Problem to work on: Among the records, which lines hold the word "diagram"? Pick them out.

Extracted information:
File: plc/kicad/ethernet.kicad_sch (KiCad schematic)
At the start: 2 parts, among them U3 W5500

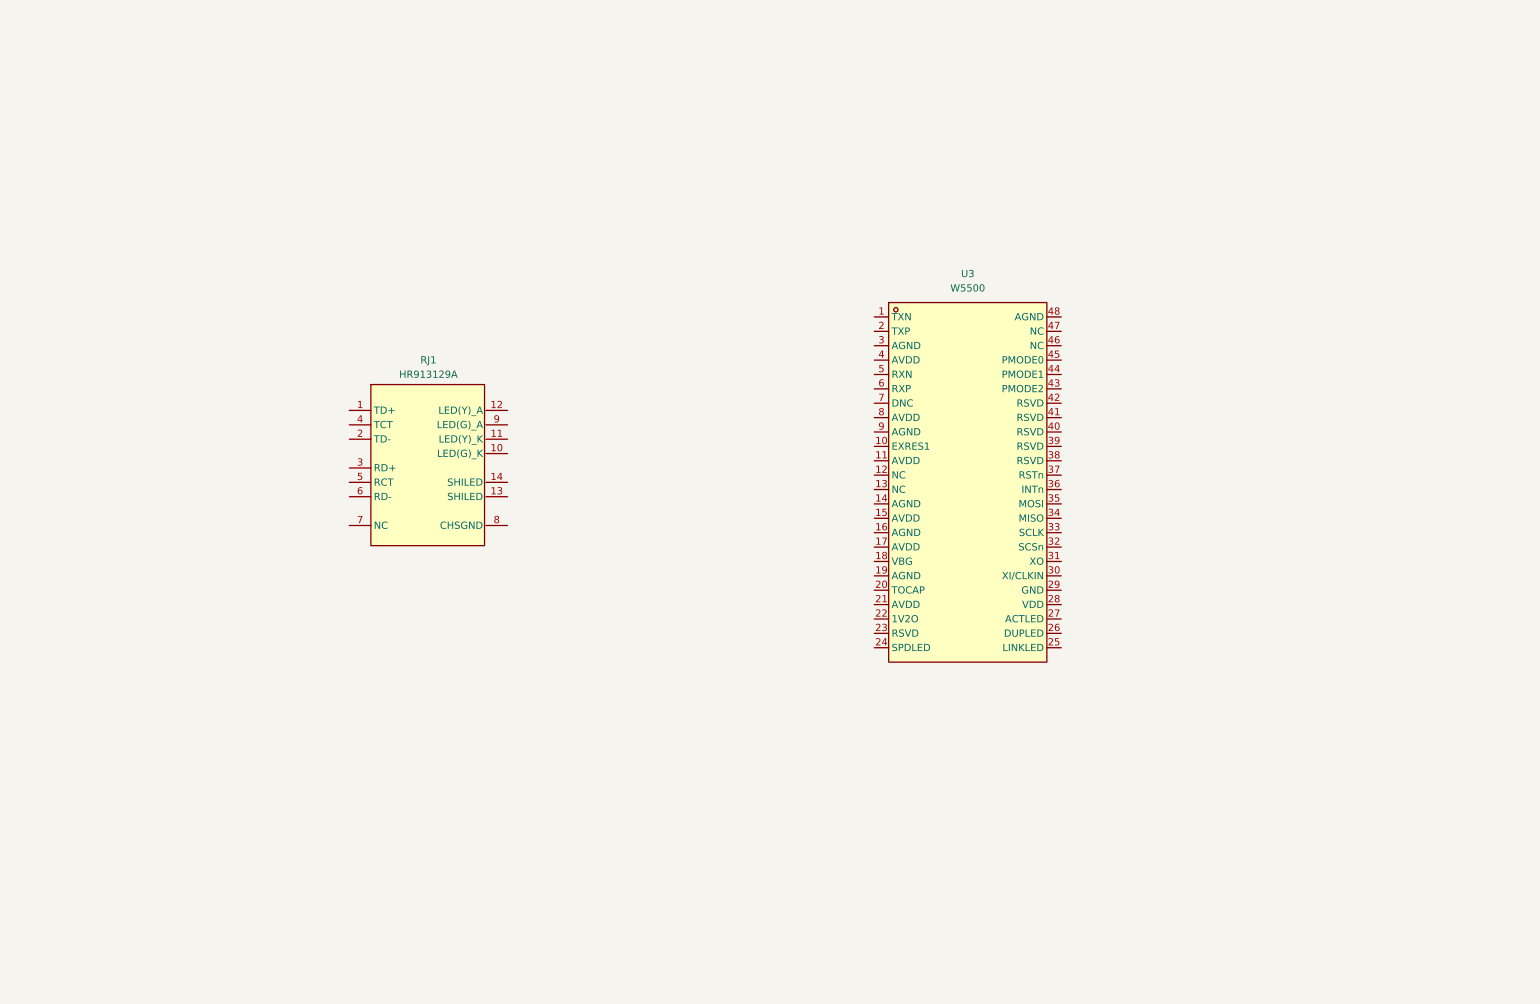
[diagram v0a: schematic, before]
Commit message: Updated ethernet circuit
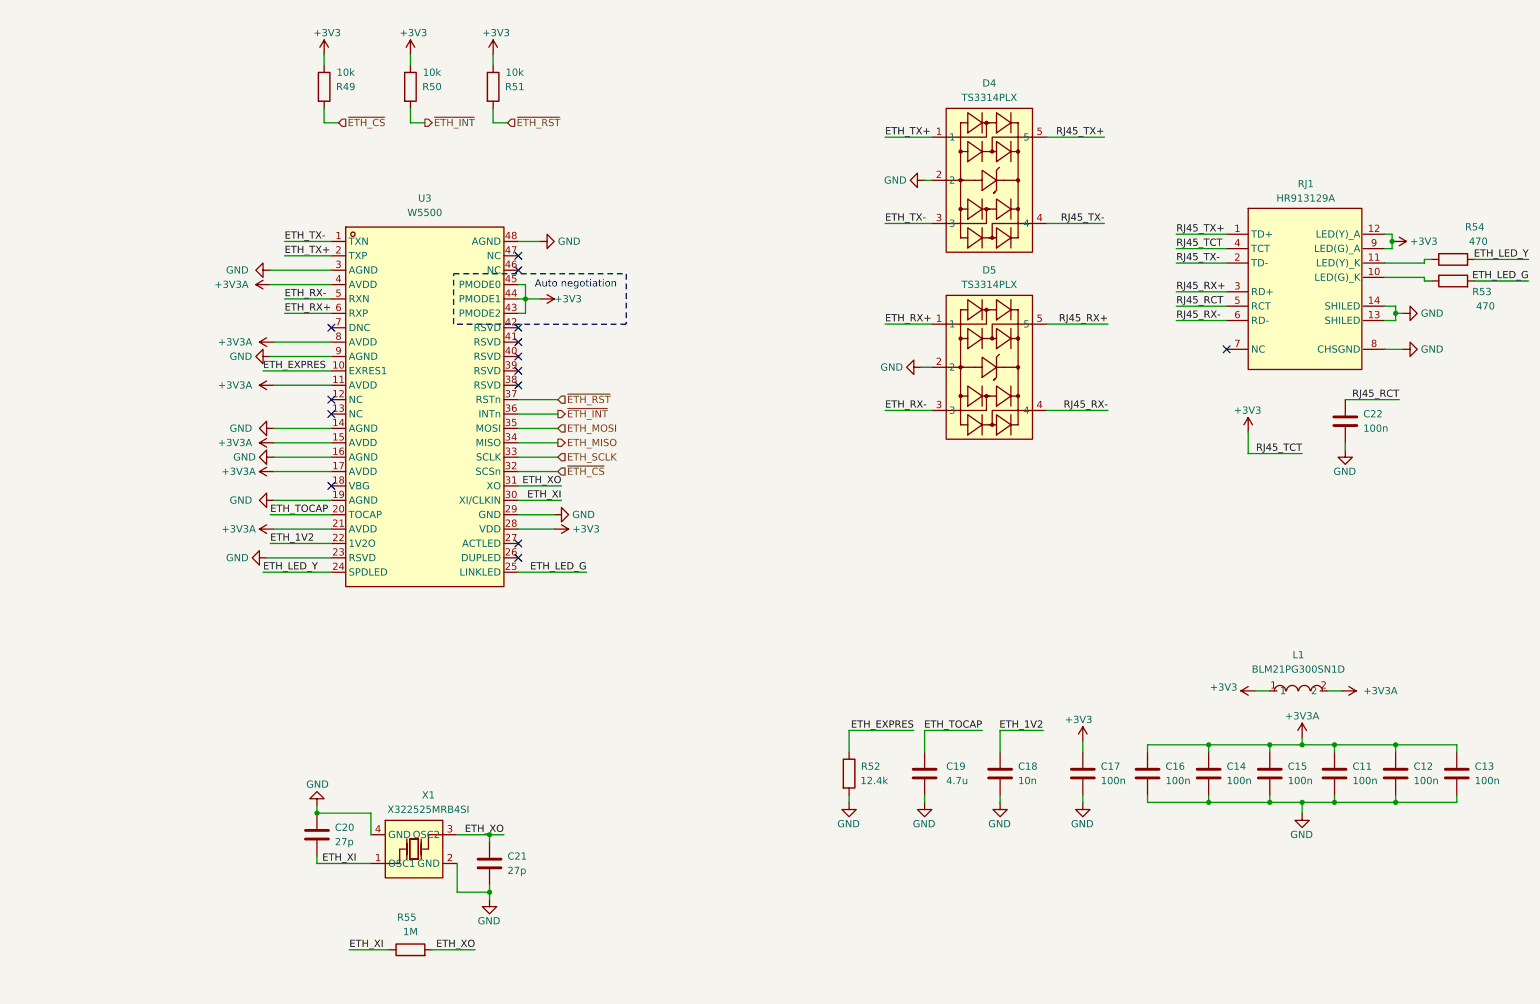
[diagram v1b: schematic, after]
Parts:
- added C11, C12, C13, C14, C15, C16, C17, C22: 100n, Capacitor_SMD:C_0805_2012Metric, symbol Device:C
- added C18: 10n, Capacitor_SMD:C_0805_2012Metric, symbol Device:C
- added C19: 4.7u, Capacitor_SMD:C_0805_2012Metric, symbol Device:C
- added C20, C21: 27p, Capacitor_SMD:C_0805_2012Metric, symbol Device:C
- added D4, D5: TS3314PLX, LibrePLC32:SOT-23-5_L2.9-W1.6-P0.95-LS2.8-BR, symbol LibrePLC32:TS3314PLX
- added L1: BLM21PG300SN1D, LibrePLC32:L0805, symbol LibrePLC32:BLM21PG300SN1D
- added R49, R50, R51: 10k, Resistor_SMD:R_0805_2012Metric, symbol Device:R
- added R52: 12.4k, Resistor_SMD:R_0805_2012Metric, symbol Device:R
- added R53, R54: 470, Resistor_SMD:R_0805_2012Metric, symbol Device:R
- added R55: 1M, Resistor_SMD:R_0805_2012Metric, symbol Device:R
- added X1: X322525MRB4SI, LibrePLC32:OSC-SMD_4P-L3.2-W2.5-BL_SIT8008BI, symbol LibrePLC32:X322525MRB4SI
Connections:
- net RJ45_TX+: now reaches RJ1.1 (TD+)
- net RJ45_TX+: now also D4.5
- net at RJ1.10 (LED(G)_K): now also R53.1
- net at RJ1.11 (LED(Y)_K): now also R54.1
- net +3V3: now reaches RJ1.12 (LED(Y)_A)
- net +3V3: now also RJ1.4 (TCT), RJ1.9 (LED(G)_A), U3.28 (VDD), U3.43 (PMODE2), U3.44 (PMODE1), U3.45 (PMODE0), C17.1, L1.1, R49.1, R50.1, R51.1
- net GND: now reaches RJ1.13 (SHILED)
- net GND: now also RJ1.14 (SHILED), RJ1.8 (CHSGND), U3.14 (AGND), U3.16 (AGND), U3.19 (AGND), U3.23 (RSVD), U3.29 (GND), U3.3 (AGND), U3.48 (AGND), U3.9 (AGND), C11.2, C12.2, C13.2, C14.2, C15.2, C16.2, C17.2, C18.2, C19.2, C20.1, C21.2, C22.2, D4.2, D5.2, R52.2, X1.2 (GND), X1.4 (GND)
- net RJ45_TX-: now reaches RJ1.2 (TD-)
- net RJ45_TX-: now also D4.4
- net RJ45_RX+: now reaches RJ1.3 (RD+)
- net RJ45_RX+: now also D5.5
- net RJ45_RCT: now reaches RJ1.5 (RCT)
- net RJ45_RCT: now also C22.1
- net RJ45_RX-: now reaches RJ1.6 (RD-)
- net RJ45_RX-: now also D5.4
- net ETH_TX-: now reaches U3.1 (TXN)
- net ETH_TX-: now also D4.3
- net ETH_EXPRES: now reaches U3.10 (EXRES1)
- net ETH_EXPRES: now also R52.1
- net +3V3A: now reaches U3.11 (AVDD)
- net +3V3A: now also U3.15 (AVDD), U3.17 (AVDD), U3.21 (AVDD), U3.4 (AVDD), U3.8 (AVDD), C11.1, C12.1, C13.1, C14.1, C15.1, C16.1, L1.2
- net ETH_TX+: now reaches U3.2 (TXP)
- net ETH_TX+: now also D4.1
- net ETH_TOCAP: now reaches U3.20 (TOCAP)
- net ETH_TOCAP: now also C19.1
- net ETH_1V2: now reaches U3.22 (1V2O)
- net ETH_1V2: now also C18.1
- net ETH_LED_Y: now reaches U3.24 (SPDLED)
- net ETH_LED_Y: now also R54.2
- net ETH_LED_G: now reaches U3.25 (LINKLED)
- net ETH_LED_G: now also R53.2
- net ETH_XI: now reaches U3.30 (XI/CLKIN)
- net ETH_XI: now also C20.2, R55.1, X1.1 (OSC1)
- net ETH_XO: now reaches U3.31 (XO)
- net ETH_XO: now also C21.1, R55.2, X1.3 (OSC2)
- net ~{ETH_CS}: now reaches U3.32 (SCSn)
- net ~{ETH_CS}: now also R49.2
- net ETH_SCLK: now reaches U3.33 (SCLK)
- net ETH_MISO: now reaches U3.34 (MISO)
- net ETH_MOSI: now reaches U3.35 (MOSI)
- net ~{ETH_INT}: now reaches U3.36 (INTn)
- net ~{ETH_INT}: now also R50.2
- net ~{ETH_RST}: now reaches U3.37 (RSTn)
- net ~{ETH_RST}: now also R51.2
- net ETH_RX-: now reaches U3.5 (RXN)
- net ETH_RX-: now also D5.3
- net ETH_RX+: now reaches U3.6 (RXP)
- net ETH_RX+: now also D5.1
- no-connect marks 0 -> 14
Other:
- note added: "Auto negotiation"
- moved on the sheet: RJ1, U3

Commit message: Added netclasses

Reply:
[diagram v0a: schematic, before]
[diagram v1b: schematic, after]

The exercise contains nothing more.